Exhibiting artists - Everlasting Eyes on Changing Colors -
Yasuo Ogawa
1968 Born in Saga, Japan.
1994 Graduated at TAMA Art University.
2007-08 Fellowship to study in Sao Paulo under the Japanese Government Overseas Study Programme for Artist
2012 The 27th Holbein Scholarship Grant.
Selected Individual Exhibitions
2014 “Echo in the depths”REIJINSHA GALLERY (Tokyo)
2012 “Like seeking for a deep water vain” Gallery YUKI-SIS, Tokyo, Japan.
2010 Gallery Yasurai, Saga, Japan.
2007 Teatres des SENS Gallery, Tokyo, Japan. Gallery Yasurai, Saga, Japan.
2005 Galeria Deco, Sao Paulo, Brazil.
2000 INAX Gallery, Tokyo, Japan.
Latent Senses
When I was reading a magazine, a certain article caught my eyes. It was on a success story of a Russian research team in putting forth buds from a seed which was 30000 years old found in Siberia. The team even succeeded in producing new seeds after full bloom. Even though we have heard about stories of sprouting out lotus seeds 1400 years old, sprouting out of seeds 30000 years old was a big surprise.

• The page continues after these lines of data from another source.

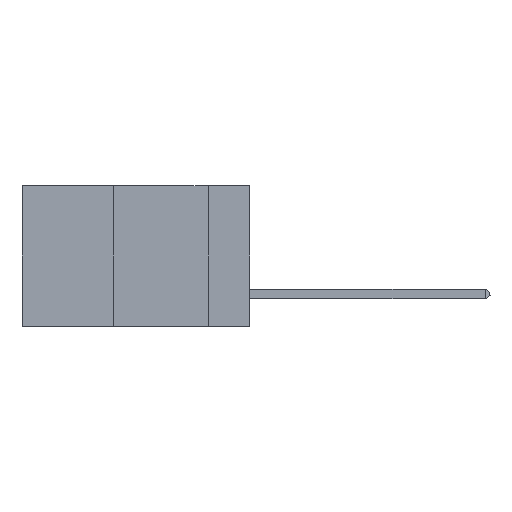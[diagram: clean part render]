
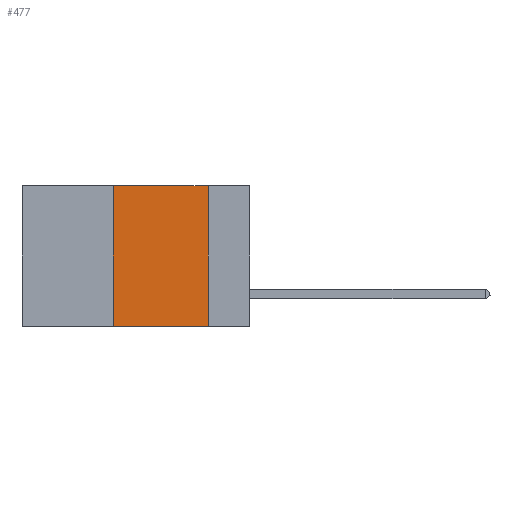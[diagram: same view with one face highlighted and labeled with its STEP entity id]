
A CAD part, left-side view. The second image highlights one B-rep face of the part: STEP entity #477.
In plain terms, the highlighted planar face has unit normal (-1, 0, 0).
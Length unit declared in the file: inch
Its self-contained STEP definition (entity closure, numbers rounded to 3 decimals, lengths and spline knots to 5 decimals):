
#151 = ORIENTED_EDGE ( 'NONE', *, *, #31321, .F. ) ;
#477 = ADVANCED_FACE ( 'NONE', ( #30734 ), #1263, .F. ) ;
#1263 = PLANE ( 'NONE',  #20618 ) ;
#2311 = LINE ( 'NONE', #8115, #15526 ) ;
#4240 = DIRECTION ( 'NONE',  ( 1., 0., 0. ) ) ;
#8035 = CARTESIAN_POINT ( 'NONE',  ( 0., 0.11, -0.37 ) ) ;
#8115 = CARTESIAN_POINT ( 'NONE',  ( 0., 0.36, 0. ) ) ;
#9543 = CARTESIAN_POINT ( 'NONE',  ( 0., 0.6, -0.37 ) ) ;
#12318 = CARTESIAN_POINT ( 'NONE',  ( 0., 0.6, 0. ) ) ;
#12811 = VERTEX_POINT ( 'NONE', #23126 ) ;
#14838 = LINE ( 'NONE', #23871, #15666 ) ;
#15526 = VECTOR ( 'NONE', #27342, 39.37008 ) ;
#15666 = VECTOR ( 'NONE', #31942, 39.37008 ) ;
#16629 = ORIENTED_EDGE ( 'NONE', *, *, #32675, .T. ) ;
#18580 = CARTESIAN_POINT ( 'NONE',  ( 0., 0.36, -0.37 ) ) ;
#20011 = EDGE_CURVE ( 'NONE', #21207, #20627, #14838, .T. ) ;
#20078 = CARTESIAN_POINT ( 'NONE',  ( 0., 0.6, 0. ) ) ;
#20618 = AXIS2_PLACEMENT_3D ( 'NONE', #12318, #4240, #30980 ) ;
#20627 = VERTEX_POINT ( 'NONE', #8035 ) ;
#21176 = DIRECTION ( 'NONE',  ( 0., -1., 0. ) ) ;
#21207 = VERTEX_POINT ( 'NONE', #27738 ) ;
#21573 = VECTOR ( 'NONE', #30868, 39.37008 ) ;
#22081 = EDGE_CURVE ( 'NONE', #12811, #21207, #25952, .T. ) ;
#23126 = CARTESIAN_POINT ( 'NONE',  ( 0., 0.36, 0. ) ) ;
#23871 = CARTESIAN_POINT ( 'NONE',  ( 0., 0.11, 0. ) ) ;
#25526 = VECTOR ( 'NONE', #21176, 39.37008 ) ;
#25952 = LINE ( 'NONE', #20078, #25526 ) ;
#27342 = DIRECTION ( 'NONE',  ( 0., 0., 1. ) ) ;
#27738 = CARTESIAN_POINT ( 'NONE',  ( 0., 0.11, 0. ) ) ;
#27911 = ORIENTED_EDGE ( 'NONE', *, *, #20011, .F. ) ;
#30734 = FACE_OUTER_BOUND ( 'NONE', #32633, .T. ) ;
#30868 = DIRECTION ( 'NONE',  ( 0., -1., 0. ) ) ;
#30980 = DIRECTION ( 'NONE',  ( 0., 0., -1. ) ) ;
#31321 = EDGE_CURVE ( 'NONE', #32310, #12811, #2311, .T. ) ;
#31942 = DIRECTION ( 'NONE',  ( 0., 0., -1. ) ) ;
#32218 = ORIENTED_EDGE ( 'NONE', *, *, #22081, .F. ) ;
#32310 = VERTEX_POINT ( 'NONE', #18580 ) ;
#32633 = EDGE_LOOP ( 'NONE', ( #27911, #32218, #151, #16629 ) ) ;
#32675 = EDGE_CURVE ( 'NONE', #32310, #20627, #32776, .T. ) ;
#32776 = LINE ( 'NONE', #9543, #21573 ) ;

The fact that a seed which had been sleeping underground for such a long time would actually bloom was truly exciting. 30000 years ago should be about the time when the Chauvet cave painting, which is known as the oldest painting by human being, was produced. Human beings those days spent hours hunting and must have lived their daily lives with a strong sense of collaboration with and respect for nature.
This led to my imagination that if humans today still possessed such a sense deep in their minds, it might be possible to awaken their old inherent sense by somehow providing outside stimulus, just like the Russian team did to the old seeds.
At one time in the past, I realized the obvious truth that before being a human being living in today’s civilized world, we are just one of the living creatures existing in this natural universe. With such a realization, I started to create my artworks by utilizing and expressing the inherent, primitive and instinctive sense which we human beings all possess deep in our heart.
After getting too much accustomed to the hasty and civilized daily life, many of us might have either lost or do not know how to express this sense, which was the sense we had when we were living in the nature and which had been inherited from the past.
Although this sense may have degenerated through the hasty information-abundant daily life, it is my firm belief that we need to try to re-realize this sense especially in today’s world because it seems to be an absolutely indispensable element for the humans if we are to live naturally as a member or this natural universe.